刘全兴把烟灭了,站起来:“早点睡吧,明天去看看你爷爷,他惦记你呢。”
刘泓应了一声,看着父亲走进屋。月光照在院子里,照着那头新买的毛驴,照着门口挂的红灯笼。
家里真暖和。
第二天一早,刘泓去看爷爷。
刘老爷子和路氏住在老宅的正房,院子收拾得干干净净。门口的石板路是新铺的,两边的土墙也重新抹过了。
刘泓推开院门,看见刘老爷子正坐在堂屋门口晒太阳。他穿着一件新棉袄,腿上搭着一条薄毯,手里端着一个茶壶,眯着眼睛,看起来很悠闲。
“爷爷。”刘泓叫了一声。
刘老爷子睁开眼睛,看见是他,愣了一下,然后笑了。那笑容从嘴角慢慢扩展开来,眼角的皱纹都挤在一起。
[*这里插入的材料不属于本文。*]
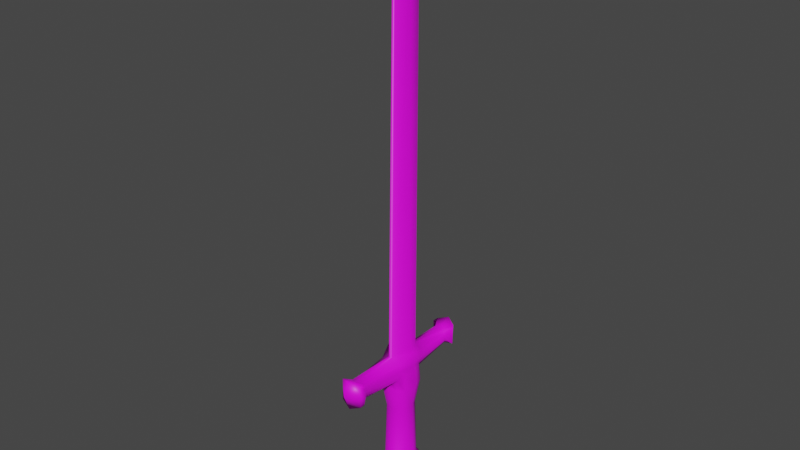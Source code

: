 # Source: Sword1.blend  (saved by Blender 3.4.6; exported with 4.5.12 LTS)
import bpy
from mathutils import Matrix  # noqa: F401  (used for matrix-valued properties, if any)

bpy.ops.wm.read_factory_settings(use_empty=True)
scene = bpy.context.scene
scene.name = 'Scene'

# ---- collections
col_collection = bpy.data.collections.new('Collection'); scene.collection.children.link(col_collection)

# ---- images (referenced by path relative to the original .blend; pixels are not part of the script)
import os
ASSET_DIR = os.environ.get("B2B_ASSET_DIR", "")  # directory of the original .blend (textures are referenced by path, not embedded)
HERE = os.path.dirname(os.path.abspath(__file__))  # packed textures are extracted next to this script under _unpacked/

def load_image(name, relpath, width, height, colorspace="sRGB"):
    """Load a texture the original file referenced (path relative to the .blend, or extracted next to this script)."""
    p = next((c for c in (os.path.join(HERE, relpath), os.path.join(ASSET_DIR, relpath)) if relpath and os.path.exists(c)), "")
    if p:
        img = bpy.data.images.load(p, check_existing=True)
        img.name = name
    else:  # same state as the original file: an image datablock whose file is absent (Cycles renders it pink)
        img = bpy.data.images.new(name, width, height)
        img.source = "FILE"
        img.filepath = "//" + (relpath or name)
    img.colorspace_settings.name = colorspace
    return img
img_metal1low_jpg = load_image('Metal1Low.jpg', 'Metal1Low.jpg', 1024, 1024, 'sRGB')
img_wood1low_jpg = load_image('Wood1Low.jpg', 'Wood1Low.jpg', 1024, 1024, 'sRGB')

# ---- materials (node trees are filled in below, after node groups)
mat_metal = bpy.data.materials.new('Metal')
mat_metal.use_transparent_shadow = False
mat_wood = bpy.data.materials.new('Wood')
mat_wood.use_transparent_shadow = False

# ---- material node trees
mat_metal.use_nodes = True; mat_metal.node_tree.nodes.clear()
_N = mat_metal.node_tree.nodes; _L = mat_metal.node_tree.links
n0 = _N.new('ShaderNodeBsdfPrincipled'); n0.name = 'Principled BSDF'; n0.location = (10, 300)
n0.distribution = 'GGX'
n0.subsurface_method = 'RANDOM_WALK_SKIN'
n0.inputs[3].default_value = 1.45
n0.inputs[27].default_value = (0.0, 0.0, 0.0, 1.0)
n0.inputs[28].default_value = 1.0
n1 = _N.new('ShaderNodeOutputMaterial'); n1.name = 'Material Output'; n1.location = (300, 300)
n2 = _N.new('ShaderNodeTexImage'); n2.name = 'Image Texture'; n2.location = (-280, 280)
n2.image = img_metal1low_jpg
_L.new(n0.outputs[0], n1.inputs[0])
_L.new(n2.outputs[0], n0.inputs[0])
n1.is_active_output = True
mat_wood.use_nodes = True; mat_wood.node_tree.nodes.clear()
_N = mat_wood.node_tree.nodes; _L = mat_wood.node_tree.links
n0 = _N.new('ShaderNodeBsdfPrincipled'); n0.name = 'Principled BSDF'; n0.location = (10, 300)
n0.distribution = 'GGX'
n0.subsurface_method = 'RANDOM_WALK_SKIN'
n0.inputs[3].default_value = 1.45
n0.inputs[27].default_value = (0.0, 0.0, 0.0, 1.0)
n0.inputs[28].default_value = 1.0
n1 = _N.new('ShaderNodeOutputMaterial'); n1.name = 'Material Output'; n1.location = (300, 300)
n2 = _N.new('ShaderNodeTexImage'); n2.name = 'Image Texture'; n2.location = (-280, 280)
n2.image = img_wood1low_jpg
_L.new(n0.outputs[0], n1.inputs[0])
_L.new(n2.outputs[0], n0.inputs[0])
n1.is_active_output = True

# ---- world
world_world = bpy.data.worlds.new('World'); scene.world = world_world
world_world.use_nodes = True; world_world.node_tree.nodes.clear()
_N = world_world.node_tree.nodes; _L = world_world.node_tree.links
n0 = _N.new('ShaderNodeOutputWorld'); n0.name = 'World Output'; n0.location = (300, 300)
n1 = _N.new('ShaderNodeBackground'); n1.name = 'Background'; n1.location = (10, 300)
n1.inputs[0].default_value = (0.05088, 0.05088, 0.05088, 1.0)
_L.new(n1.outputs[0], n0.inputs[0])
n0.is_active_output = True
world_world.color = (0.05088, 0.05088, 0.05088)
world_world.use_sun_shadow = False
world_world.sun_shadow_jitter_overblur = 0.0

# ---- meshes
me_firstsword = bpy.data.meshes.new('FirstSword')
me_firstsword.from_pydata([(-0.1249, 0.4901, 0.235), (-0.138, 0.2346, 0.2783), (0.1096, 0.2343, 0.2783), (0.0949, 0.4894, 0.2251), (-0.1249, 0.4901, 0.0718), (-0.138, 0.2346, 0.0104), (0.1096, 0.2343, 0.0104), (0.0949, 0.4894, 0.0735), (-0.0146, 0.3797, 0.3893), (-0.0146, 0.3797, -0.1006), (-0.2001, 0.3978, 0.1444), (-0.0139, 0.1447, 0.1444), (0.176, 0.3792, 0.1444), (-0.0094, 5.439, 0.1081), (-0.1679, 0.3801, 0.2953), (-0.0141, 0.2041, 0.3158), (0.1212, 0.3794, 0.2884), (-0.0151, 0.5166, 0.296), (0.1212, 0.3794, 0.0003), (-0.0141, 0.2041, -0.0271), (-0.1679, 0.3801, -0.0066), (-0.0151, 0.5166, -0.0073), (-0.1541, 0.2043, 0.1444), (-0.1558, 0.5171, 0.1444), (0.13, 0.204, 0.1444), (0.1256, 0.5161, 0.1444), (0.1028, 1.436, 0.2406), (0.1454, 1.426, 0.1444), (-0.0137, 1.368, 0.3158), (0.09, 1.446, 0.033), (-0.0137, 1.368, -0.0271), (-0.1081, 1.451, 0.0313), (-0.1728, 1.428, 0.1444), (-0.1211, 1.441, 0.2505), (0.0864, 1.535, 0.2783), (0.1146, 1.609, 0.1444), (-0.0035, 1.601, 0.3115), (0.0735, 1.525, -0.0146), (-0.0123, 1.591, -0.0365), (-0.0968, 1.529, -0.0146), (-0.1483, 1.61, 0.1444), (-0.1096, 1.539, 0.2783), (-0.0122, 1.618, 0.8208), (-0.1244, 1.57, 0.7489), (-0.1256, 1.405, 0.7489), (-0.0139, 1.347, 0.8095), (0.0999, 1.569, 0.7489), (0.0986, 1.404, 0.7489), (-0.0121, 1.603, -0.5181), (0.095, 1.561, -0.4362), (0.0938, 1.403, -0.4362), (-0.0139, 1.356, -0.4954), (-0.1195, 1.561, -0.4362), (-0.1207, 1.403, -0.4362), (-0.0125, 1.403, 0.7331), (0.0698, 1.454, 0.6928), (0.0577, 1.521, 0.6928), (-0.0115, 1.572, 0.7305), (-0.0796, 1.524, 0.6928), (-0.088, 1.458, 0.6928), (-0.0689, 1.516, -0.3787), (-0.0113, 1.571, -0.4154), (0.0472, 1.513, -0.3787), (0.0585, 1.459, -0.3787), (-0.0122, 1.406, -0.4154), (-0.0766, 1.463, -0.3787), (-0.066, 1.561, 0.7071), (-0.1106, 1.587, 0.7762), (-0.1124, 1.385, 0.7784), (-0.0669, 1.411, 0.7081), (-0.0906, 1.378, 0.2925), (-0.0831, 0.5002, 0.2755), (-0.113, 0.3799, 0.3438), (-0.0909, 0.223, 0.2926), (-0.1122, 0.1816, 0.1444), (-0.0909, 0.223, -0.0038), (-0.113, 0.3799, -0.0551), (-0.0831, 0.5002, 0.0133), (-0.0825, 1.384, -0.0193), (-0.0592, 1.417, -0.3927), (-0.104, 1.385, -0.4674), (-0.1023, 1.578, -0.4674), (-0.0583, 1.555, -0.3927), (-0.0335, 1.585, -0.0193), (-0.1109, 1.633, 0.1444), (-0.0252, 1.595, 0.2925), (0.0427, 1.561, 0.7073), (0.0107, 1.594, 0.2927), (0.0856, 1.632, 0.1444), (0.0095, 1.585, -0.0194), (0.0355, 1.554, -0.3928), (0.0776, 1.577, -0.4677), (0.0759, 1.385, -0.4677), (0.0346, 1.417, -0.3928), (0.055, 1.383, -0.0194), (0.0526, 0.4998, 0.0131), (0.0832, 0.3795, -0.0553), (0.0621, 0.2227, -0.004), (0.0836, 0.1812, 0.1444), (0.0621, 0.2227, 0.2927), (0.0832, 0.3795, 0.3441), (0.0526, 0.4998, 0.2756), (0.0629, 1.378, 0.2927), (0.0418, 1.411, 0.7083), (0.0841, 1.385, 0.7787), (0.0859, 1.587, 0.7765), (-0.0091, 5.267, -0.0478), (-0.0272, 5.023, -0.0331), (-0.0491, 5.291, 0.1081), (0.0096, 5.246, -0.0331), (0.0419, 5.291, 0.1081), (-0.0015, 5.275, 0.2502), (0.0106, 5.254, 0.2341), (-0.0201, 5.254, 0.234), (0.0459, 1.048, 0.2614), (0.0837, 1.039, 0.2147), (0.111, 1.063, 0.1444), (0.0787, 1.043, 0.0738), (0.0429, 1.051, 0.0215), (-0.0144, 1.064, 0.0091), (-0.072, 1.051, 0.0215), (-0.1073, 1.043, 0.0722), (-0.1399, 1.064, 0.1444), (-0.1123, 1.04, 0.2239), (-0.075, 1.049, 0.2612), (-0.0144, 1.064, 0.2796), (0.0659, 1.283, 0.299), (0.1158, 1.27, 0.2476), (0.152, 1.302, 0.1444), (0.1036, 1.279, 0.0271), (0.0585, 1.288, -0.0247), (-0.0138, 1.302, -0.0344), (-0.0864, 1.288, -0.0247), (-0.131, 1.28, 0.0254), (-0.1797, 1.303, 0.1444), (-0.1432, 1.271, 0.2571), (-0.094, 1.283, 0.2988), (-0.0138, 1.302, 0.3231), (-0.1033, 1.477, -0.4674), (-0.0132, 1.5, -0.5465), (0.0766, 1.477, -0.4677), (0.0943, 1.468, -0.4362), (0.0539, 1.482, -0.3787), (0.0832, 1.478, -0.0146), (0.1327, 1.502, 0.1444), (0.0961, 1.477, 0.2783), (0.0648, 1.482, 0.6928), (0.0991, 1.472, 0.7489), (0.0848, 1.48, 0.7778), (-0.0132, 1.501, 0.871), (-0.1116, 1.48, 0.7775), (-0.1251, 1.473, 0.7489), (-0.0846, 1.485, 0.6928), (-0.1164, 1.482, 0.2783), (-0.1627, 1.503, 0.1444), (-0.1034, 1.483, -0.0146), (-0.0734, 1.485, -0.3787), (-0.1202, 1.468, -0.4362)], [], [(4, 20, 10, 23), (5, 22, 10, 20), (1, 14, 10, 22), (0, 23, 10, 14), (6, 18, 12, 24), (7, 25, 12, 18), (3, 16, 12, 25), (2, 24, 12, 16), (66, 58, 43, 67), (67, 42, 57, 66), (68, 44, 59, 69), (69, 54, 45, 68), (69, 59, 33, 70), (70, 28, 54, 69), (71, 0, 14, 72), (72, 8, 17, 71), (72, 14, 1, 73), (73, 15, 8, 72), (73, 1, 22, 74), (74, 11, 15, 73), (74, 22, 5, 75), (75, 19, 11, 74), (75, 5, 20, 76), (76, 9, 19, 75), (76, 20, 4, 77), (77, 21, 9, 76), (78, 31, 65, 79), (79, 64, 30, 78), (79, 65, 53, 80), (80, 51, 64, 79), (81, 52, 60, 82), (82, 61, 48, 81), (82, 60, 39, 83), (83, 38, 61, 82), (83, 39, 40, 84), (108, 13, 106, 107), (84, 40, 41, 85), (113, 111, 13, 108), (66, 57, 36, 85), (85, 41, 58, 66), (86, 56, 34, 87), (87, 36, 57, 86), (87, 34, 35, 88), (110, 13, 111, 112), (88, 35, 37, 89), (109, 106, 13, 110), (89, 37, 62, 90), (90, 61, 38, 89), (90, 62, 49, 91), (91, 48, 61, 90), (92, 50, 63, 93), (93, 64, 51, 92), (93, 63, 29, 94), (94, 30, 64, 93), (95, 7, 18, 96), (96, 9, 21, 95), (96, 18, 6, 97), (97, 19, 9, 96), (97, 6, 24, 98), (98, 11, 19, 97), (98, 24, 2, 99), (99, 15, 11, 98), (99, 2, 16, 100), (100, 8, 15, 99), (100, 16, 3, 101), (101, 17, 8, 100), (102, 26, 55, 103), (103, 54, 28, 102), (103, 55, 47, 104), (104, 45, 54, 103), (86, 57, 42, 105), (105, 46, 56, 86), (107, 106, 38, 83), (108, 107, 83, 84), (106, 109, 89, 38), (109, 110, 88, 89), (112, 111, 36, 87), (110, 112, 87, 88), (111, 113, 85, 36), (113, 108, 84, 85), (114, 101, 3, 115), (115, 3, 25, 116), (116, 25, 7, 117), (117, 7, 95, 118), (118, 95, 21, 119), (119, 21, 77, 120), (120, 77, 4, 121), (121, 4, 23, 122), (122, 23, 0, 123), (123, 0, 71, 124), (124, 71, 17, 125), (125, 17, 101, 114), (126, 114, 115, 127), (127, 26, 102, 126), (127, 115, 116, 128), (128, 27, 26, 127), (128, 116, 117, 129), (129, 29, 27, 128), (129, 117, 118, 130), (130, 94, 29, 129), (130, 118, 119, 131), (131, 30, 94, 130), (131, 119, 120, 132), (132, 78, 30, 131), (132, 120, 121, 133), (133, 31, 78, 132), (133, 121, 122, 134), (134, 32, 31, 133), (134, 122, 123, 135), (135, 33, 32, 134), (135, 123, 124, 136), (136, 70, 33, 135), (136, 124, 125, 137), (137, 28, 70, 136), (126, 102, 28, 137), (137, 125, 114, 126), (138, 81, 48, 139), (139, 51, 80, 138), (139, 48, 91, 140), (140, 92, 51, 139), (140, 91, 49, 141), (141, 50, 92, 140), (141, 49, 62, 142), (142, 63, 50, 141), (142, 62, 37, 143), (143, 29, 63, 142), (143, 37, 35, 144), (144, 27, 29, 143), (144, 35, 34, 145), (145, 26, 27, 144), (145, 34, 56, 146), (146, 55, 26, 145), (146, 56, 46, 147), (147, 47, 55, 146), (147, 46, 105, 148), (148, 104, 47, 147), (148, 105, 42, 149), (149, 45, 104, 148), (149, 42, 67, 150), (150, 68, 45, 149), (150, 67, 43, 151), (151, 44, 68, 150), (151, 43, 58, 152), (152, 59, 44, 151), (152, 58, 41, 153), (153, 33, 59, 152), (153, 41, 40, 154), (154, 32, 33, 153), (154, 40, 39, 155), (155, 31, 32, 154), (155, 39, 60, 156), (156, 65, 31, 155), (156, 60, 52, 157), (157, 53, 65, 156), (138, 80, 53, 157), (157, 52, 81, 138)])
me_firstsword.polygons.foreach_set('use_smooth', [True] * 156)
me_firstsword.polygons.foreach_set('material_index', [0, 0, 0, 0, 0, 0, 0, 0, 0, 0, 0, 0, 1, 1, 0, 0, 0, 0, 0, 0, 0, 0, 0, 0, 0, 0, 1, 1, 0, 0, 0, 0, 1, 1, 1, 0, 1, 0, 1, 1, 1, 1, 1, 0, 1, 0, 1, 1, 0, 0, 0, 0, 1, 1, 0, 0, 0, 0, 0, 0, 0, 0, 0, 0, 0, 0, 1, 1, 0, 0, 0, 0, 0, 0, 0, 0, 0, 0, 0, 0, 1, 1, 1, 1, 1, 1, 1, 1, 1, 1, 1, 1, 1, 1, 1, 1, 1, 1, 1, 1, 1, 1, 1, 1, 1, 1, 1, 1, 1, 1, 1, 1, 1, 1, 1, 1, 0, 0, 0, 0, 0, 0, 0, 0, 1, 1, 1, 1, 1, 1, 1, 1, 0, 0, 0, 0, 0, 0, 0, 0, 0, 0, 0, 0, 1, 1, 1, 1, 1, 1, 1, 1, 0, 0, 0, 0])
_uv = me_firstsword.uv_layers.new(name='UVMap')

“回来了?”他的声音比以前洪亮了不少,“快进来快进来!”
刘泓走过去,在他旁边坐下。仔细看爷爷,脸色红润了不少,以前那种灰败的气色不见了,眼睛也有神了。腰板挺得直直的,不像以前那样佝偻着。
“爷爷,您气色真好。”刘泓说。
刘老爷子嘿嘿笑了:“你寄回来的那二十两银子,我给你娘了,让她给你攒着。我用不着钱,有吃有喝就行。”
刘泓说:“那是我孝敬您的,您留着花。”
“花什么花?”刘老爷子摆摆手,“我一个老头子,又不买衣裳又不买吃的,要钱干什么?你留着,以后考进士要用钱。”
刘泓没再说什么,从怀里掏出一个小布包,递过去。
“爷爷,给您带了点东西。”
刘老爷子接过来,打开一看,是一包烟叶。金黄色的烟叶,切成细细的丝,闻起来有一股醇厚的香味。
“这是……”
“府城最好的烟叶铺子买的,一两银子一两。”刘泓说,“您尝尝,看看合不合口味。”
刘老爷子捧着那包烟叶,手都在抖。他抽了一辈子旱烟,从来没抽过这么好的。
“这……这得花多少钱啊?”他嘴上这么说,但眼睛亮得很。
“不贵,您喜欢就行。”
刘老爷子小心翼翼地捏了一小撮,放进烟锅里,点上火,吸了一口。
烟雾在嘴里转了一圈,他眯起眼睛,慢慢吐出来。
“好!”他重重地拍了一下扶手,“好烟!比我在镇上买的好十倍!”
刘泓笑了:“喜欢就好,下回我再给您带。”
刘老爷子又吸了一口,满脸陶醉。他抽了一辈子烟,从来没抽过这么好的。以前抽的都是镇上最便宜的烟叶子,又苦又呛。现在这个,醇厚绵软,回味里还有一丝甜。
路氏从屋里出来,手里端着两碗红糖水。她比以前胖了点,脸上也有肉了,穿着一件半新的棉袄,头发梳得整整齐齐。
“泓儿来了?快喝糖水,暖暖身子。”她把一碗递给刘泓,另一碗放在刘老爷子旁边。
刘泓接过来喝了一口,甜丝丝的,暖到胃里。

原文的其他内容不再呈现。